🤖 AI Summary
This paper addresses the lack of robustness evaluation for Foundation Models for Time Series (FMTS) under input perturbations. We propose the first interpretable, multi-dimensional rating framework integrating causal inference. Methodologically, we design causal sensitivity analysis and perturbation robustness quantification metrics to systematically compare multimodal versus unimodal, and task-specific versus general pre-trained FMTS; practical utility is validated via user studies and interactive visualizations. Key contributions include: (1) the first application of causal inference to FMTS robustness assessment; (2) a standardized, actionable, and interpretable rating system; (3) empirical evidence that multimodal and task-specific FMTS exhibit superior robustness and accuracy; and (4) substantial reduction in cross-model comparison effort, thereby enhancing trustworthiness in high-stakes domains such as finance.
📝 Abstract
Foundation Models (FMs) have improved time series forecasting in various sectors, such as finance, but their vulnerability to input disturbances can hinder their adoption by stakeholders, such as investors and analysts.
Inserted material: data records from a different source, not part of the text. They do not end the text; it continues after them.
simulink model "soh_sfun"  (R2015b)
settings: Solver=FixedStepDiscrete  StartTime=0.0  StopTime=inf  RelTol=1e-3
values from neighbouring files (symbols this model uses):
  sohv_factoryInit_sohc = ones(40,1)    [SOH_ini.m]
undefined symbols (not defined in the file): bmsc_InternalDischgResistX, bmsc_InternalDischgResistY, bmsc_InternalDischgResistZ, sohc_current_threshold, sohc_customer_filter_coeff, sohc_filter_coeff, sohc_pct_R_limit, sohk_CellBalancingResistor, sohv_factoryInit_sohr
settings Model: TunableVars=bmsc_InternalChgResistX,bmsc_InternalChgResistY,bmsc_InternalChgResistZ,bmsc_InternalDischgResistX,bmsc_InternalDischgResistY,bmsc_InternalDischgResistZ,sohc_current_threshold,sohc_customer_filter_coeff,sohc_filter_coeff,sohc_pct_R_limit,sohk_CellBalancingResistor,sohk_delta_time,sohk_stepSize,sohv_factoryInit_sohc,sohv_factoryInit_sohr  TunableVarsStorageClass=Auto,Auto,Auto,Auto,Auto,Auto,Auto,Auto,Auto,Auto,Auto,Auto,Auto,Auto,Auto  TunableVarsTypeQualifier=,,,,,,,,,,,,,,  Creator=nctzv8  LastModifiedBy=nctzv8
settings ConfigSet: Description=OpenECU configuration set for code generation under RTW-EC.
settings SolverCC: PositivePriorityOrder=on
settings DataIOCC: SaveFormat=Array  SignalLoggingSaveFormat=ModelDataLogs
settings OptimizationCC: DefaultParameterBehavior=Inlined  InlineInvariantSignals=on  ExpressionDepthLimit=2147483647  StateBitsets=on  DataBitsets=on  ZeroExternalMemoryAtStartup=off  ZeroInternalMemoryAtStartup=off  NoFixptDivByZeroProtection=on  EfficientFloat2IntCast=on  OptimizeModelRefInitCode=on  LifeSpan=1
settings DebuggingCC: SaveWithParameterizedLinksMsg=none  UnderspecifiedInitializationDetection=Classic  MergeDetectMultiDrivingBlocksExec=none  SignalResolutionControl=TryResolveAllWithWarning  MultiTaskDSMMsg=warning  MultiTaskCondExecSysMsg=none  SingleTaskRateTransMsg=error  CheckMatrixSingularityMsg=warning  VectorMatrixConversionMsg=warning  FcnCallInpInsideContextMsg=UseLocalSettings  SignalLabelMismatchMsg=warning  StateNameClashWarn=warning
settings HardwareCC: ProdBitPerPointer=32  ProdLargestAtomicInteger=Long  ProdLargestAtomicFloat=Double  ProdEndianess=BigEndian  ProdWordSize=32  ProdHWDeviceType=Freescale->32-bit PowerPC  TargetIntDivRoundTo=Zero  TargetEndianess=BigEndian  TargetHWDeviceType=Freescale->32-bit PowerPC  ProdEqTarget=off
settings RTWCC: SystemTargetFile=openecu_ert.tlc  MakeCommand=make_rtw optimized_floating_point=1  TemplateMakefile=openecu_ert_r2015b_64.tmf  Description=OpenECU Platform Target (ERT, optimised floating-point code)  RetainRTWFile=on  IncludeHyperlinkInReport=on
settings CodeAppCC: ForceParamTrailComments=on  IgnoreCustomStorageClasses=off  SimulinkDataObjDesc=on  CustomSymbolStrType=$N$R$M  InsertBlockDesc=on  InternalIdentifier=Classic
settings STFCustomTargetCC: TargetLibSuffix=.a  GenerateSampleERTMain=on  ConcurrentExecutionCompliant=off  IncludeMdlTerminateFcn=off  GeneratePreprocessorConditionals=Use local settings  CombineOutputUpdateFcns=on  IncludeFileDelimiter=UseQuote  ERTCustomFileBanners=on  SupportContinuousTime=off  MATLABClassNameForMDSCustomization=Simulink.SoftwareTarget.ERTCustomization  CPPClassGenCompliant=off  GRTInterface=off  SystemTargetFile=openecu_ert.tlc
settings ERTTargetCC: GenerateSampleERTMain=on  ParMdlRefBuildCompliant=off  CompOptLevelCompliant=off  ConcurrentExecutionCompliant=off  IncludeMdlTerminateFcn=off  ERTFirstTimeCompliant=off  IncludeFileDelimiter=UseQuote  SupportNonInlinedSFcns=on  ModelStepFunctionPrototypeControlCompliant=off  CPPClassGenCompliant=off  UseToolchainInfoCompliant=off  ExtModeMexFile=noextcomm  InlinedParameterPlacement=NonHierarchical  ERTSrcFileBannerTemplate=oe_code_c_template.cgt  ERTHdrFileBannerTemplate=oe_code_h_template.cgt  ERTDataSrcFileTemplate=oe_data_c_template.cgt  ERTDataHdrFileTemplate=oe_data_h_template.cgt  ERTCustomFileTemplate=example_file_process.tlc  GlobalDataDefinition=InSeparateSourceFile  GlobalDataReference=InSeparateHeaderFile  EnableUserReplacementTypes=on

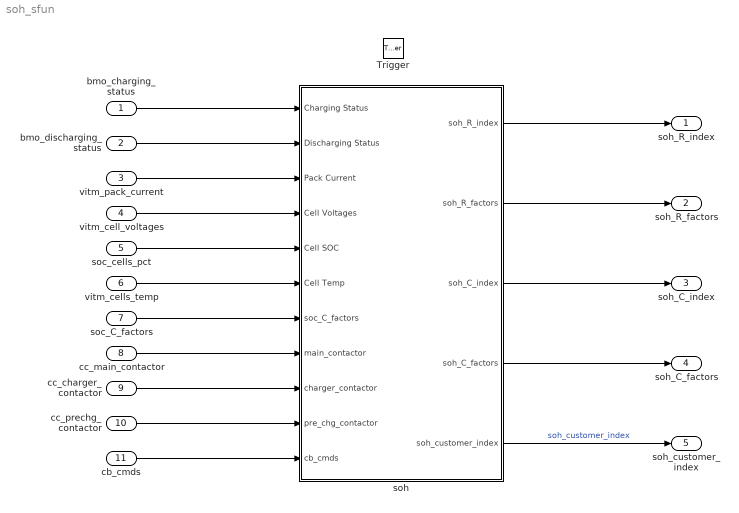
== system soh_sfun ==
  bmo_charging_status : Inport
  bmo_discharging_status : Inport  Port=2
  vitm_pack_current : Inport  Port=3
  vitm_cell_voltages : Inport  Port=4  PortDimensions=40
  soc_cells_pct : Inport  Port=5  PortDimensions=40
  vitm_cells_temp : Inport  Port=6  PortDimensions=40
  soc_C_factors : Inport  Port=7  PortDimensions=40
  cc_main_contactor : Inport  Port=8
  cc_charger_contactor : Inport  Port=9
  cc_prechg_contactor : Inport  Port=10
  cb_cmds : Inport  Port=11  OutDataTypeStr=boolean  PortDimensions=40
  Trigger : TriggerPort  TriggerType=function-call  PortDimensions=1
  soh : Subsystem  mask{sfcnParam1=bmsc_InternalDischgResistX, sfcnParam2=bmsc_InternalDischgResistY, sfcnParam3=bmsc_InternalDischgResistZ, sfcnParam4=sohc_current_threshold, sfcnParam5=sohc_customer_filter_coeff, sfcnParam6=sohc_filter_coeff, sfcnParam7=sohc_pct_R_limit, sfcnParam8=sohk_CellBalancingResistor, sfcnParam9=sohv_factoryInit_sohc, sfcnParam10=sohv_factoryInit_sohr}
      mask prompts: sfcnParam1 "bmsc_InternalDischgResistX:"; sfcnParam2 "bmsc_InternalDischgResistY:"; sfcnParam3 "bmsc_InternalDischgResistZ:"; sfcnParam4 "sohc_current_threshold:"; sfcnParam5 "sohc_customer_filter_coeff:"; sfcnParam6 "sohc_filter_coeff:"; sfcnParam7 "sohc_pct_R_limit:"; sfcnParam8 "sohk_CellBalancingResistor:"; sfcnParam9 "sohv_factoryInit_sohc:"; sfcnParam10 "sohv_factoryInit_sohr:"
      mask help: Simulink:masks:GenSFuncDesc_MD
      mask Help: eval('feval(''rtwprivate'',''rtwhelpview'',''rtw_sfcn_block'')');
  soh_R_index : Outport
  soh_R_factors : Outport  Port=2  PortDimensions=40
  soh_C_index : Outport  Port=3
  soh_C_factors : Outport  Port=4  PortDimensions=40  InitialOutput=sohv_factoryInit_sohc
  soh_customer_index : Outport  Port=5
  wires:
  bmo_charging_status/1 -> soh/1(Charging Status)
  bmo_discharging_status/1 -> soh/2(Discharging Status)
  vitm_pack_current/1 -> soh/3(Pack Current)
  vitm_cell_voltages/1 -> soh/4(Cell Voltages)
  soc_cells_pct/1 -> soh/5(Cell SOC)
  vitm_cells_temp/1 -> soh/6(Cell Temp)
  soc_C_factors/1 -> soh/7(soc_C_factors)
  cc_main_contactor/1 -> soh/8(main_contactor)
  cc_charger_contactor/1 -> soh/9(charger_contactor)
  cc_prechg_contactor/1 -> soh/10(pre_chg_contactor)
  cb_cmds/1 -> soh/11(cb_cmds)
  soh/1(soh_R_index) -> soh_R_index/1
  soh/4(soh_C_factors) -> soh_C_factors/1
  soh/3(soh_C_index) -> soh_C_index/1
  soh/2(soh_R_factors) -> soh_R_factors/1
  soh/5(soh_customer_index) -> soh_customer_index/1  "soh_customer_index"

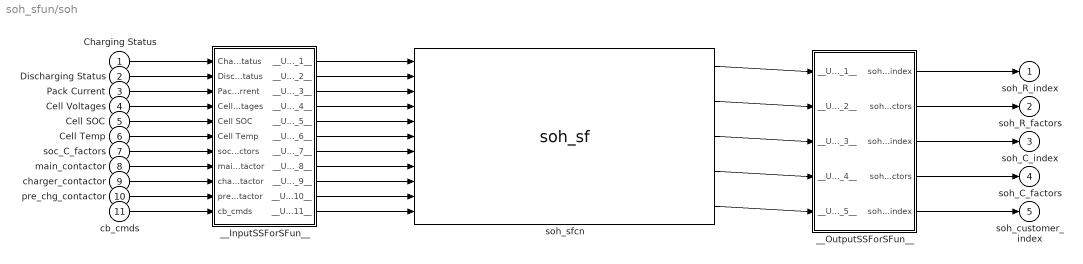
== system soh_sfun/soh ==
  Charging Status : Inport  OutDataTypeStr=boolean
  Discharging Status : Inport  Port=2  OutDataTypeStr=boolean
  Pack Current : Inport  Port=3
  Cell Voltages : Inport  Port=4  PortDimensions=40
  Cell SOC : Inport  Port=5  PortDimensions=40
  Cell Temp : Inport  Port=6  PortDimensions=40
  soc_C_factors : Inport  Port=7  PortDimensions=40
  main_contactor : Inport  Port=8
  charger_contactor : Inport  Port=9
  pre_chg_contactor : Inport  Port=10
  cb_cmds : Inport  Port=11  PortDimensions=40
  __InputSSForSFun__ : Subsystem
  __OutputSSForSFun__ : Subsystem
  soh_sfcn : S-Function  FunctionName=soh_sf  Parameters=sfcnParam1, sfcnParam2, sfcnParam3, sfcnParam4, sfcnParam5, sfcnParam6, sfcnParam7, sfcnParam8, sfcnParam9, sfcnParam10  SFunctionModules=""  SFunctionDeploymentMode=off  EnableBusSupport=off  mask{rtw_sf_name=soh_sf, showVar=off, sfcnParam1=sfcnParam1, sfcnParam2=sfcnParam2, sfcnParam3=sfcnParam3, sfcnParam4=sfcnParam4, sfcnParam5=sfcnParam5, sfcnParam6=sfcnParam6, sfcnParam7=sfcnParam7, sfcnParam8=sfcnParam8, sfcnParam9=sfcnParam9, sfcnParam10=sfcnParam10}
      mask prompts: rtw_sf_name "Simulink:masks:GenSFuncName_MP"; showVar "Simulink:masks:GenSFuncShowModuleList_MP"; sfcnParam1 "bmsc_InternalDischgResistX:"; sfcnParam2 "bmsc_InternalDischgResistY:"; sfcnParam3 "bmsc_InternalDischgResistZ:"; sfcnParam4 "sohc_current_threshold:"; sfcnParam5 "sohc_customer_filter_coeff:"; sfcnParam6 "sohc_filter_coeff:"; sfcnParam7 "sohc_pct_R_limit:"; sfcnParam8 "sohk_CellBalancingResistor:"; sfcnParam9 "sohv_factoryInit_sohc:"; sfcnParam10 "sohv_factoryInit_sohr:"
      mask help: Simulink:masks:GenSFuncDesc_MD
      mask init:
      | displist = '';
      | if ~strcmp(get_param(gcb, 'FunctionName'), rtw_sf_name);
      |   set_param(gcb, 'FunctionName', rtw_sf_name);
      | end
      | % Check if we are generating code
      | rtw_mode = false;
      | if strcmpi(get_param(bdroot(gcb),'SimulationStatus'),'Initializing')
      | 	rtw_mode = strcmpi(get_param(bdroot(gcb),'BuildingRTWCode'),'on') && ...
      | 		~strcmpi(get_param(bdroot(gcb),'TargetStyle'),'SimulationTarget');
      | end
      | if showVar || rtw_mode
      | 	if exist('rtwsfunc') == 2 | exist('rtwsfunc') == 6
      | 		tmplist = rtwsfunc(rtw_sf_name,gcb);
      | 		tmplist = DAStudio.message('Simulink:masks:GenSFuncListOfModules_IC', tmplist);
      | 	elseif showVar
      | 		tmplist1 = DAStudio.message('Simulink:masks:GenSFuncListOfModules_IC', '');
      |         tmplist2 = DAStudio.message('Simulink:masks:GenSFuncNotLicensed_IC');
      |         tmplist = [tmplist1 tmplist2];
      |  	end
      | end
      | if showVar
      |   displist = tmplist;
      | end
      settings: CopyFcn=|
      | if ~strcmp(get_param(gcb,'Linkstatus'),'none') && ...
      | ~strcmp(get_param(gcb,'Linkstatus'),'implicit')
      |   set_param(gcb,'LinkStatus','none');
      | end
      mask Help: eval('feval(''rtwprivate'',''rtwhelpview'',''rtw_sfcn_block'')');
      mask Display:
      | port_label('input',1,'Charging Status');
      | port_label('input',2,'Discharging Status');
      | port_label('input',3,'Pack Current');
      | port_label('input',4,'Cell Voltages');
      | port_label('input',5,'Cell SOC');
      | port_label('input',6,'Cell Temp');
      | port_label('input',7,'soc_C_factors');
      | port_label('input',8,'main_contactor');
      | port_label('input',9,'charger_contactor');
      | port_label('input',10,'pre_chg_contactor');
      | port_label('input',11,'cb_cmds');
      | port_label('output',1,'soh_R_index');
      | port_label('output',2,'soh_R_factors');
      | port_label('output',3,'soh_C_index');
      | port_label('output',4,'soh_C_factors');
      | port_label('output',5,'soh_customer_index');
  soh_R_index : Outport
  soh_R_factors : Outport  Port=2
  soh_C_index : Outport  Port=3
  soh_C_factors : Outport  Port=4  PortDimensions=40
  soh_customer_index : Outport  Port=5
  wires:
  Charging Status/1 -> __InputSSForSFun__/1(Charging Status)
  Discharging Status/1 -> __InputSSForSFun__/2(Discharging Status)
  Pack Current/1 -> __InputSSForSFun__/3(Pack Current)
  Cell Voltages/1 -> __InputSSForSFun__/4(Cell Voltages)
  Cell SOC/1 -> __InputSSForSFun__/5(Cell SOC)
  Cell Temp/1 -> __InputSSForSFun__/6(Cell Temp)
  soc_C_factors/1 -> __InputSSForSFun__/7(soc_C_factors)
  main_contactor/1 -> __InputSSForSFun__/8(main_contactor)
  charger_contactor/1 -> __InputSSForSFun__/9(charger_contactor)
  pre_chg_contactor/1 -> __InputSSForSFun__/10(pre_chg_contactor)
  cb_cmds/1 -> __InputSSForSFun__/11(cb_cmds)
  __InputSSForSFun__/1(__UniqueOutportName__1__) -> soh_sfcn/1
  __InputSSForSFun__/2(__UniqueOutportName__2__) -> soh_sfcn/2
  __InputSSForSFun__/3(__UniqueOutportName__3__) -> soh_sfcn/3
  __InputSSForSFun__/4(__UniqueOutportName__4__) -> soh_sfcn/4
  __InputSSForSFun__/5(__UniqueOutportName__5__) -> soh_sfcn/5
  __InputSSForSFun__/6(__UniqueOutportName__6__) -> soh_sfcn/6
  __InputSSForSFun__/7(__UniqueOutportName__7__) -> soh_sfcn/7
  __InputSSForSFun__/8(__UniqueOutportName__8__) -> soh_sfcn/8
  __InputSSForSFun__/9(__UniqueOutportName__9__) -> soh_sfcn/9
  __InputSSForSFun__/10(__UniqueOutportName__10__) -> soh_sfcn/10
  __InputSSForSFun__/11(__UniqueOutportName__11__) -> soh_sfcn/11
  soh_sfcn/1 -> __OutputSSForSFun__/1(__UniqueInportName__1__)
  soh_sfcn/2 -> __OutputSSForSFun__/2(__UniqueInportName__2__)
  soh_sfcn/3 -> __OutputSSForSFun__/3(__UniqueInportName__3__)
  soh_sfcn/4 -> __OutputSSForSFun__/4(__UniqueInportName__4__)
  soh_sfcn/5 -> __OutputSSForSFun__/5(__UniqueInportName__5__)
  __OutputSSForSFun__/1(soh_R_index) -> soh_R_index/1
  __OutputSSForSFun__/2(soh_R_factors) -> soh_R_factors/1
  __OutputSSForSFun__/3(soh_C_index) -> soh_C_index/1
  __OutputSSForSFun__/4(soh_C_factors) -> soh_C_factors/1
  __OutputSSForSFun__/5(soh_customer_index) -> soh_customer_index/1

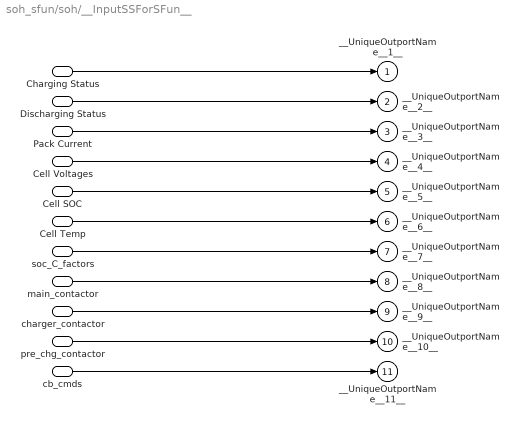
== system soh_sfun/soh/__InputSSForSFun__ ==
  Charging Status : Inport  OutDataTypeStr=boolean
  Discharging Status : Inport  Port=2  OutDataTypeStr=boolean
  Pack Current : Inport  Port=3
  Cell Voltages : Inport  Port=4  PortDimensions=40
  Cell SOC : Inport  Port=5  PortDimensions=40
  Cell Temp : Inport  Port=6  PortDimensions=40
  soc_C_factors : Inport  Port=7  PortDimensions=40
  main_contactor : Inport  Port=8
  charger_contactor : Inport  Port=9
  pre_chg_contactor : Inport  Port=10
  cb_cmds : Inport  Port=11  PortDimensions=40
  __UniqueOutportName__1__ : Outport
  __UniqueOutportName__2__ : Outport  Port=2
  __UniqueOutportName__3__ : Outport  Port=3
  __UniqueOutportName__4__ : Outport  Port=4
  __UniqueOutportName__5__ : Outport  Port=5
  __UniqueOutportName__6__ : Outport  Port=6
  __UniqueOutportName__7__ : Outport  Port=7
  __UniqueOutportName__8__ : Outport  Port=8
  __UniqueOutportName__9__ : Outport  Port=9
  __UniqueOutportName__10__ : Outport  Port=10
  __UniqueOutportName__11__ : Outport  Port=11
  wires:
  Charging Status/1 -> __UniqueOutportName__1__/1
  Discharging Status/1 -> __UniqueOutportName__2__/1
  Pack Current/1 -> __UniqueOutportName__3__/1
  Cell Voltages/1 -> __UniqueOutportName__4__/1
  Cell SOC/1 -> __UniqueOutportName__5__/1
  Cell Temp/1 -> __UniqueOutportName__6__/1
  soc_C_factors/1 -> __UniqueOutportName__7__/1
  main_contactor/1 -> __UniqueOutportName__8__/1
  charger_contactor/1 -> __UniqueOutportName__9__/1
  pre_chg_contactor/1 -> __UniqueOutportName__10__/1
  cb_cmds/1 -> __UniqueOutportName__11__/1

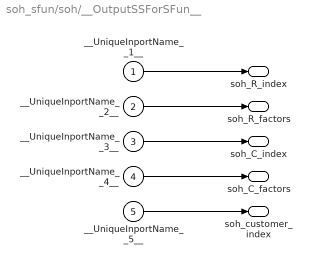
== system soh_sfun/soh/__OutputSSForSFun__ ==
  __UniqueInportName__1__ : Inport
  __UniqueInportName__2__ : Inport  Port=2
  __UniqueInportName__3__ : Inport  Port=3
  __UniqueInportName__4__ : Inport  Port=4
  __UniqueInportName__5__ : Inport  Port=5
  soh_R_index : Outport
  soh_R_factors : Outport  Port=2
  soh_C_index : Outport  Port=3
  soh_C_factors : Outport  Port=4  PortDimensions=40
  soh_customer_index : Outport  Port=5
  wires:
  __UniqueInportName__1__/1 -> soh_R_index/1
  __UniqueInportName__2__/1 -> soh_R_factors/1
  __UniqueInportName__3__/1 -> soh_C_index/1
  __UniqueInportName__4__/1 -> soh_C_factors/1
  __UniqueInportName__5__/1 -> soh_customer_index/1

To address this, we propose a causally grounded rating framework to study the robustness of Foundational Models for Time Series (FMTS) with respect to input perturbations. We evaluate our approach to the stock price prediction problem, a well-studied problem with easily accessible public data, evaluating six state-of-the-art (some multi-modal) FMTS across six prominent stocks spanning three industries. The ratings proposed by our framework effectively assess the robustness of FMTS and also offer actionable insights for model selection and deployment. Within the scope of our study, we find that (1) multi-modal FMTS exhibit better robustness and accuracy compared to their uni-modal versions and, (2) FMTS pre-trained on time series forecasting task exhibit better robustness and forecasting accuracy compared to general-purpose FMTS pre-trained across diverse settings. Further, to validate our framework's usability, we conduct a user study showcasing FMTS prediction errors along with our computed ratings. The study confirmed that our ratings reduced the difficulty for users in comparing the robustness of different systems.